For anyone who knows me, I’m the sass queen. I am constantly rolling my eyes and making sassy comments and teasing people left and right. However, as I’ve gone through college I’ve learned that it’s important to know when to tame the beast. Because if you aren’t careful, you could end up hurting someone’s feelings or rubbing someone the wrong way. College is a particularly stressful time and I think a lot of my sass comes from the stress. I know I’ve always been sassy but it didn’t get bad until last year when I took on too many things (see “Belt” blog). However, sass may also just come from personal defense or the need to fit in. Knowing the consequences of being too feisty, I want to give some tips to other people who, like myself, find themselves on the sassy side.
- Try to tone it down when meeting new people. If someone doesn’t know you, they won’t know if you’re being sarcastic or serious. It’s important if you want to make a good impression to be less sarcastic and sassy and just be natural. I personally don’t always succeed at this because sassy is part of my natural but I know it’s important to gauge my audience and go from there. Sass isn’t just a spicket you turn off and on, there are levels to it and it’s important to know what level is appropriate.
- Take it easy on your friends. I know a lot of my friends get tired of my sass. Luckily, I know a lot of outspoken individuals so they never have an issue telling me to check myself. However, I can tell that sometimes it bothers them more than they let on. No one wants to be around someone who is sassy all the time. Some of my friends even feel that I’m being critical of them when I mean a comment as a joke. Give your friends a break now and again because if you want to keep them around, they deserve to be treated right.
- Never, EVER sass via text. If you have a solid enough relationship with someone where they can understand every inflection of your typing, great. However, this is not the case for most people so you must tread carefully over text. I have started plenty of fights with my boyfriend because something I said was taken badly. Trust me, you get tired of having to back track and explain everything and they get tired of feeling attacked, it’s a lose/lose.

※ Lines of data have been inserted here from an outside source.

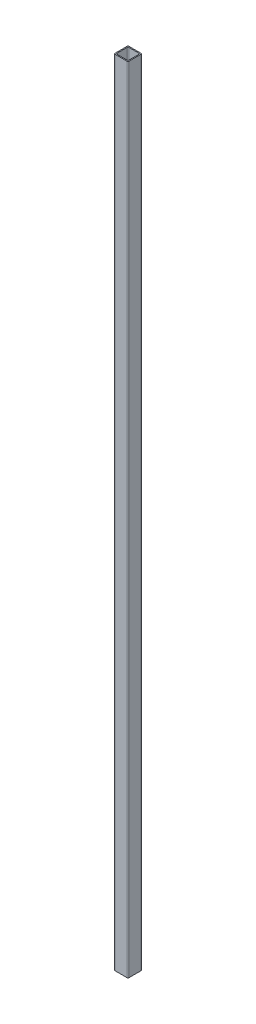
ISO-10303-21;
HEADER;
FILE_DESCRIPTION(('STEP AP214'),'2;1');
FILE_NAME('part.step','',(''),(''),'','','');
FILE_SCHEMA(('AUTOMOTIVE_DESIGN { 1 0 10303 214 1 1 1 1 }'));
ENDSEC;
DATA;
#1=APPLICATION_CONTEXT('core data for automotive mechanical design processes');
#2=APPLICATION_PROTOCOL_DEFINITION('international standard','automotive_design',2000,#1);
#3=PRODUCT_CONTEXT('',#1,'mechanical');
#4=PRODUCT('Part','Part','',(#3));
#5=PRODUCT_RELATED_PRODUCT_CATEGORY('part','',(#4));
#6=PRODUCT_DEFINITION_FORMATION('','',#4);
#7=PRODUCT_DEFINITION_CONTEXT('part definition',#1,'design');
#8=PRODUCT_DEFINITION('design','',#6,#7);
#9=PRODUCT_DEFINITION_SHAPE('','',#8);
#10=(LENGTH_UNIT() NAMED_UNIT(*) SI_UNIT(.MILLI.,.METRE.));
#11=(NAMED_UNIT(*) PLANE_ANGLE_UNIT() SI_UNIT($,.RADIAN.));
#12=(NAMED_UNIT(*) SI_UNIT($,.STERADIAN.) SOLID_ANGLE_UNIT());
#13=UNCERTAINTY_MEASURE_WITH_UNIT(LENGTH_MEASURE(1.E-05),#10,'distance_accuracy_value','');
#14=(GEOMETRIC_REPRESENTATION_CONTEXT(3) GLOBAL_UNCERTAINTY_ASSIGNED_CONTEXT((#13)) GLOBAL_UNIT_ASSIGNED_CONTEXT((#10,
#11,#12)) REPRESENTATION_CONTEXT('',''));
#15=CARTESIAN_POINT('',(0.,0.,0.));
#16=DIRECTION('',(0.,0.,1.));
#17=DIRECTION('',(1.,0.,0.));
#18=AXIS2_PLACEMENT_3D('',#15,#16,#17);
#19=CARTESIAN_POINT('',(-15.5,2000.,15.5));
#20=DIRECTION('',(0.,-1.,0.));
#21=DIRECTION('',(0.,0.,-1.));
#22=AXIS2_PLACEMENT_3D('',#19,#20,#21);
#23=CYLINDRICAL_SURFACE('',#22,2.);
#24=CARTESIAN_POINT('',(-15.5,0.,15.5));
#25=DIRECTION('',(0.,1.,0.));
#26=DIRECTION('',(0.,0.,1.));
#27=AXIS2_PLACEMENT_3D('',#24,#25,#26);
#28=CIRCLE('',#27,2.);
#29=CARTESIAN_POINT('',(-17.5,0.,15.5));
#30=VERTEX_POINT('',#29);
#31=CARTESIAN_POINT('',(-15.5,0.,17.5));
#32=VERTEX_POINT('',#31);
#33=EDGE_CURVE('E257',#30,#32,#28,.T.);
#34=ORIENTED_EDGE('',*,*,#33,.T.);
#35=DIRECTION('',(0.,-1.,0.));
#36=VECTOR('',#35,1.);
#37=CARTESIAN_POINT('',(-15.5,2000.,17.5));
#38=LINE('',#37,#36);
#39=CARTESIAN_POINT('',(-15.5,2000.,17.5));
#40=VERTEX_POINT('',#39);
#41=EDGE_CURVE('E12',#40,#32,#38,.T.);
#42=ORIENTED_EDGE('',*,*,#41,.F.);
#43=CARTESIAN_POINT('',(-15.5,2000.,15.5));
#44=DIRECTION('',(0.,1.,0.));
#45=DIRECTION('',(0.,0.,1.));
#46=AXIS2_PLACEMENT_3D('',#43,#44,#45);
#47=CIRCLE('',#46,2.);
#48=CARTESIAN_POINT('',(-17.5,2000.,15.5));
#49=VERTEX_POINT('',#48);
#50=EDGE_CURVE('E366',#49,#40,#47,.T.);
#51=ORIENTED_EDGE('',*,*,#50,.F.);
#52=DIRECTION('',(0.,-1.,0.));
#53=VECTOR('',#52,1.);
#54=CARTESIAN_POINT('',(-17.5,2000.,15.5));
#55=LINE('',#54,#53);
#56=EDGE_CURVE('E280',#49,#30,#55,.T.);
#57=ORIENTED_EDGE('',*,*,#56,.T.);
#58=EDGE_LOOP('',(#34,#42,#51,#57));
#59=FACE_BOUND('',#58,.T.);
#60=ADVANCED_FACE('F71',(#59),#23,.T.);
#61=CARTESIAN_POINT('',(-15.5,2000.,17.5));
#62=DIRECTION('',(0.,0.,-1.));
#63=DIRECTION('',(-1.,0.,0.));
#64=AXIS2_PLACEMENT_3D('',#61,#62,#63);
#65=PLANE('',#64);
#66=DIRECTION('',(1.,0.,0.));
#67=VECTOR('',#66,1.);
#68=CARTESIAN_POINT('',(-15.5,0.,17.5));
#69=LINE('',#68,#67);
#70=CARTESIAN_POINT('',(15.5,0.,17.5));
#71=VERTEX_POINT('',#70);
#72=EDGE_CURVE('E261',#32,#71,#69,.T.);
#73=ORIENTED_EDGE('',*,*,#72,.T.);
#74=DIRECTION('',(0.,-1.,0.));
#75=VECTOR('',#74,1.);
#76=CARTESIAN_POINT('',(15.5,2000.,17.5));
#77=LINE('',#76,#75);
#78=CARTESIAN_POINT('',(15.5,2000.,17.5));
#79=VERTEX_POINT('',#78);
#80=EDGE_CURVE('E82',#79,#71,#77,.T.);
#81=ORIENTED_EDGE('',*,*,#80,.F.);
#82=DIRECTION('',(1.,0.,0.));
#83=VECTOR('',#82,1.);
#84=CARTESIAN_POINT('',(-15.5,2000.,17.5));
#85=LINE('',#84,#83);
#86=EDGE_CURVE('E369',#40,#79,#85,.T.);
#87=ORIENTED_EDGE('',*,*,#86,.F.);
#88=ORIENTED_EDGE('',*,*,#41,.T.);
#89=EDGE_LOOP('',(#73,#81,#87,#88));
#90=FACE_BOUND('',#89,.T.);
#91=ADVANCED_FACE('F418',(#90),#65,.F.);
#92=CARTESIAN_POINT('',(15.5,2000.,15.5));
#93=DIRECTION('',(0.,-1.,0.));
#94=DIRECTION('',(0.,0.,-1.));
#95=AXIS2_PLACEMENT_3D('',#92,#93,#94);
#96=CYLINDRICAL_SURFACE('',#95,2.);
#97=CARTESIAN_POINT('',(15.5,0.,15.5));
#98=DIRECTION('',(0.,1.,0.));
#99=DIRECTION('',(0.,0.,-1.));
#100=AXIS2_PLACEMENT_3D('',#97,#98,#99);
#101=CIRCLE('',#100,2.);
#102=CARTESIAN_POINT('',(17.5,0.,15.5));
#103=VERTEX_POINT('',#102);
#104=EDGE_CURVE('E264',#71,#103,#101,.T.);
#105=ORIENTED_EDGE('',*,*,#104,.T.);
#106=DIRECTION('',(0.,-1.,0.));
#107=VECTOR('',#106,1.);
#108=CARTESIAN_POINT('',(17.5,2000.,15.5));
#109=LINE('',#108,#107);
#110=CARTESIAN_POINT('',(17.5,2000.,15.5));
#111=VERTEX_POINT('',#110);
#112=EDGE_CURVE('E291',#111,#103,#109,.T.);
#113=ORIENTED_EDGE('',*,*,#112,.F.);
#114=CARTESIAN_POINT('',(15.5,2000.,15.5));
#115=DIRECTION('',(0.,1.,0.));
#116=DIRECTION('',(0.,0.,-1.));
#117=AXIS2_PLACEMENT_3D('',#114,#115,#116);
#118=CIRCLE('',#117,2.);
#119=EDGE_CURVE('E372',#79,#111,#118,.T.);
#120=ORIENTED_EDGE('',*,*,#119,.F.);
#121=ORIENTED_EDGE('',*,*,#80,.T.);
#122=EDGE_LOOP('',(#105,#113,#120,#121));
#123=FACE_BOUND('',#122,.T.);
#124=ADVANCED_FACE('F423',(#123),#96,.T.);
#125=CARTESIAN_POINT('',(17.5,2000.,-15.5));
#126=DIRECTION('',(-1.,0.,0.));
#127=DIRECTION('',(0.,0.,1.));
#128=AXIS2_PLACEMENT_3D('',#125,#126,#127);
#129=PLANE('',#128);
#130=DIRECTION('',(0.,0.,-1.));
#131=VECTOR('',#130,1.);
#132=CARTESIAN_POINT('',(17.5,0.,-15.5));
#133=LINE('',#132,#131);
#134=CARTESIAN_POINT('',(17.5,0.,-15.5));
#135=VERTEX_POINT('',#134);
#136=EDGE_CURVE('E267',#103,#135,#133,.T.);
#137=ORIENTED_EDGE('',*,*,#136,.T.);
#138=DIRECTION('',(0.,-1.,0.));
#139=VECTOR('',#138,1.);
#140=CARTESIAN_POINT('',(17.5,2000.,-15.5));
#141=LINE('',#140,#139);
#142=CARTESIAN_POINT('',(17.5,2000.,-15.5));
#143=VERTEX_POINT('',#142);
#144=EDGE_CURVE('E287',#143,#135,#141,.T.);
#145=ORIENTED_EDGE('',*,*,#144,.F.);
#146=DIRECTION('',(0.,0.,-1.));
#147=VECTOR('',#146,1.);
#148=CARTESIAN_POINT('',(17.5,2000.,-15.5));
#149=LINE('',#148,#147);
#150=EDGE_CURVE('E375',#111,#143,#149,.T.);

The reason I wrote this blog was because lately I feel like I’ve been hurting a lot of feelings with my sass. I know in today’s culture, it’s seen as cool to be witty and clever and girls who are sassy are desirable. However, from personal experience I know that being sarcastic is not always funny. Hopefully if you find yourself as someone who is a sass master, you’ll take my advice so that you don’t hurt feelings too.